The first c-ares release I did was called version 1.0.0, published in February 2004.

The ares project did not have a website, but I am of the opinion that a proper open source project needs one, to provide downloads and not the least its documentation etc. A home. I created a basic c-ares website and since then I have hosted it on my server on the behalf of the c-ares project.

The was available as c-ares.haxx.se for many years but was recently moved over to c-ares.org. It has never been a traffic magnet so quite easy to manage.

In the backseat

In recent years, I have not participated much in the c-ares development. I have had my hands full with curl while the c-ares project has been in a pretty good shape and has been cared for in an excellent manner by Brad House and others.

I have mostly just done the occasional website admin stuff and releases.

Transition

Starting now, the c-ares website is no longer hosted by me. A twenty years streak is over and the website is now instead hosted on GitHub. I own the domain name and I run the DNS for it, but that is all.

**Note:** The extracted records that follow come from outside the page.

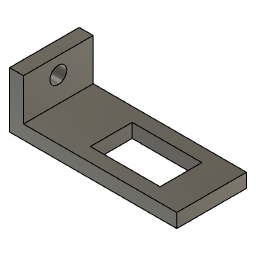
držač kamere (Autodesk Fusion 360 design; units mm, degrees)
Autodesk Fusion 360 part; units mm, degrees
sketch "Sketch1" plane through (0, 0, 0) normal (1, 0, 0) x (0, 1, 0)
  line L0 (12.5, -14) -> (-12.5, -14)
  line L1 (-12.5, -14) -> (-12.5, 6)
  line L2 (-12.5, 6) -> (12.5, 6)
  line L3 (12.5, 6) -> (12.5, -14)
  circle A0 centre (0, 0) radius 3
  dimension "d1" = 25
  dimension "d2" = 20
  dimension "d3" = 6
  dimension "d14" = 6
  constraint horizontal L0
  constraint perpendicular L0 L1
  constraint parallel L0 L2
  constraint parallel L1 L3
  constraint coincident A0.centre origin
  measures "d1" distance of L1.end L2.end
  measures "d2" distance of L0.start L2.end
  measures "d3" diameter of A0
  measures "d14" distance of L2 A0.centre
extrude "Extrude1" add sketch "Sketch1" along normal blind 5
sketch "Sketch2" plane through (5, 0, 0) normal (1, 0, 0) x (0, 1, 0)
  circle A0 centre (0, 0) radius 3
  line L0 (12.5, 6) -> (-12.5, 6)
  line L1 (-12.5, 6) -> (-12.5, -14)
  line L2 (-12.5, -14) -> (12.5, -14)
  line L3 (12.5, -14) -> (12.5, 6)
  line L4 (-12.5, -14) -> (12.5, -14)
  line L5 (12.5, -14) -> (12.5, -9)
  line L6 (12.5, -9) -> (-12.5, -9)
  line L7 (-12.5, -9) -> (-12.5, -14)
  dimension "d6" = 5
  constraint horizontal L4
  constraint vertical L5
  constraint horizontal L6
  constraint vertical L7
  constraint coincident L1.end L2.start
  measures "d6" distance of L1.end L6.end
extrude "Extrude2" add sketch "Sketch2" along normal blind 55 contours L1 L2 L3 L4 L5 L6 L7
sketch "Sketch3" plane through (0, 0, -9) normal (0, 0, 1) x (-1, 0, 0)
  line L0 (-5, -12.5) -> (-5, 12.5)
  line L1 (-5, 12.5) -> (-60, 12.5)
  line L2 (-60, 12.5) -> (-60, -12.5)
  line L3 (-60, -12.5) -> (-5, -12.5)
  line L4 (-49, 7.5) -> (-24, 7.5)
  line L5 (-24, 7.5) -> (-24, -7.5)
  line L6 (-24, -7.5) -> (-49, -7.5)
  line L7 (-49, -7.5) -> (-49, 7.5)
  line L8 (-49, 7.5) -> (-24, -7.5) construction
  line L9 (-24, 7.5) -> (-49, -7.5) construction
  point P0 (-36.5, 0)
  dimension "d9" = 25
  dimension "d10" = 15
  dimension "d13" = 5
  dimension "d15" = 11
  constraint horizontal L4
  constraint perpendicular L4 L5
  constraint parallel L4 L6
  constraint parallel L5 L7
  constraint coincident L8 P0
  constraint coincident L9 P0
  measures "d9" distance of L5.end L6.end
  measures "d10" distance of L4.end L5.end
  measures "d13" distance of L1 L4
  measures "d15" distance of L2 L7
extrude "Extrude3" cut sketch "Sketch3" against normal blind 10 contours L4 L5 L6 L7
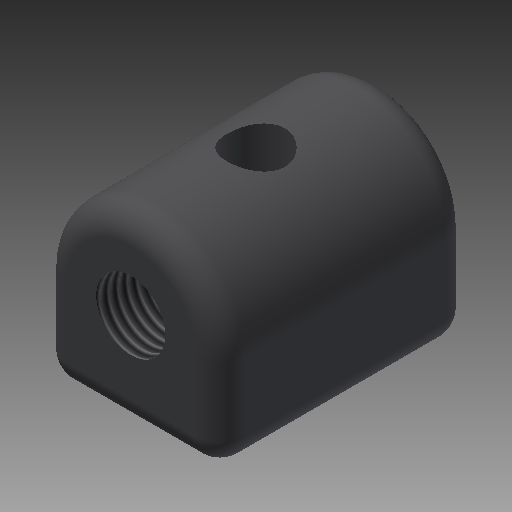
# Autodesk Inventor part: 318-03
Saved by Autodesk Inventor 2019 (Build 230136000, 136)
## iProperties
Company: Autodesk Inc.
Created: 2007-10-25
Part Number: 318-03
Document SubType Name: Modeling
Designer: Autodesk Inc.
Density: 1.32 g/cm^3
Mass: 31.5358 g
Surface Area: 67.4212 cm^2
Volume: 23.8907 cm^3
Material: Polyaryletherketone Resin
Description: BALL SCREW MOUNTING BLOCK
Appearance: Gray
Component Category: Lower Component
Author: Inventor
Autodesk Inventor part; units mm, degrees
ref_plane "YZ Plane" through (0, 0, 0) normal (1, 0, 0) x (0, 1, 0)
ref_plane "XZ Plane" through (0, 0, 0) normal (0, 1, 0) x (-1, 0, 0)
ref_plane "XY Plane" through (0, 0, 0) normal (0, 0, 1) x (1, 0, 0)
sketch "Sketch1" plane through (0, 0, 0) normal (0, 0, 1) x (1, 0, 0)
  line L0 (0, 38.6415) -> (0, -6.4403) construction
  line L1 (-24.0818, 0) -> (24.0818, 0) construction
  line L2 (-14.25, 0) -> (14.25, 0)
  line L3 (14.25, 0) -> (14.25, 15)
  line L4 (-14.25, 15) -> (-14.25, 0)
  arc A0 (0, 29.25) -> (-14.25, 15) centre (0, 15) ccw
  arc A1 (14.25, 15) -> (0, 29.25) centre (0, 15) ccw
  point P0 (0, 0)
  point P1 (-14.25, 29.25)
  dimension "d0" = 28.5
  dimension "d1" = 14.25
  dimension "d3" = 14.25
  dimension "d16" = 15
  constraints: 6 end point, 4 point on circle, 2 centre point, 2 horizontal, 2 point on line, 2 tangent, 1 concentric, 1 parallel, 1 perpendicular, 6 other
  measures "d0" distance of L2.start L2.end
  measures "d1" distance between parallel lines of L4 L0
  measures "d3" radius of A0
  measures "d16" distance from line of A0.centre L1
extrude "Extrusion1" add sketch "Sketch1" along normal mid plane 40
fillet "Fillet1" radius 4 10 edges at (14.25, 7.5, 20) (0, 29.25, 20) (-14.25, 7.5, 20) (14.25, 7.5, -20) (0, 29.25, -20) (-14.25, 7.5, -20) (14.25, 0, 0) (0, 0, 20) (-14.25, 0, 0) (0, 0, -20)
sketch "Sketch2" plane through (-10.25, 0, 16) normal (0, -1, 0) x (1, 0, 0)
  circle A0 centre (10.25, -16) radius 4.6
  dimension "d9" = 9.2
  constraints: 1 centre point, 1 coincident
  measures "d9" diameter of A0
extrude "Extrusion2" cut sketch "Sketch2" against normal up to next
fillet "Fillet2" radius 4 1 edges at (-4.6, 0, 0)
sketch "Sketch3" plane through (-10.25, 0, 16) normal (0, -1, 0) x (1, 0, 0)
  line L0 (20.5, 0) -> (20.5, -32) projected
  circle A0 centre (10.25, -16) radius 8.6 projected
  circle A1 centre (10.25, -16) radius 10.25
  circle A2 centre (10.25, -16) radius 8.6
  constraints: 2 centre point, 2 coincident, 1 concentric, 1 tangent
extrude "Extrusion3" add sketch "Sketch3" along normal blind 1.5
sketch "Sketch4" plane through (0, 0, 20) normal (0, 0, 1) x (1, 0, 0)
  line L0 (10.25, -1.5) -> (-10.25, -1.5) projected
  circle A0 centre (0, 15.675) radius 5.5
  point P0 (0, 0)
  dimension "d17" = 17.175
  dimension "d18" = 11
  constraints: 1 centre point, 1 vertical alignment
  measures "d17" distance from line of A0.centre L0
  measures "d18" diameter of A0
extrude "Extrusion4" cut sketch "Sketch4" against normal through all
thread "Thread1" size "M11x1.5" class "6H" standard "ANSI Metric M Profile" full length
equation "\"d1\" = 0.5 * d0"
body "Solid1"

The plan is that Brad is also going to take over the release duty. Brad is awesome.

What if GitHub is the devil?

Some critics think the curl project shouldn’t use GitHub. The reasons for being against GitHub hosting tend to be one or more of:

  1. it is an evil proprietary platform
  2. it is run by Microsoft and they are evil
  3. GitHub is American thus evil

Some have insisted on craziness like “we let GitHub hold our source code hostage”.

Why GitHub?

The curl project switched to GitHub (from Sourceforge) almost eleven years ago and it’s been a smooth ride ever since.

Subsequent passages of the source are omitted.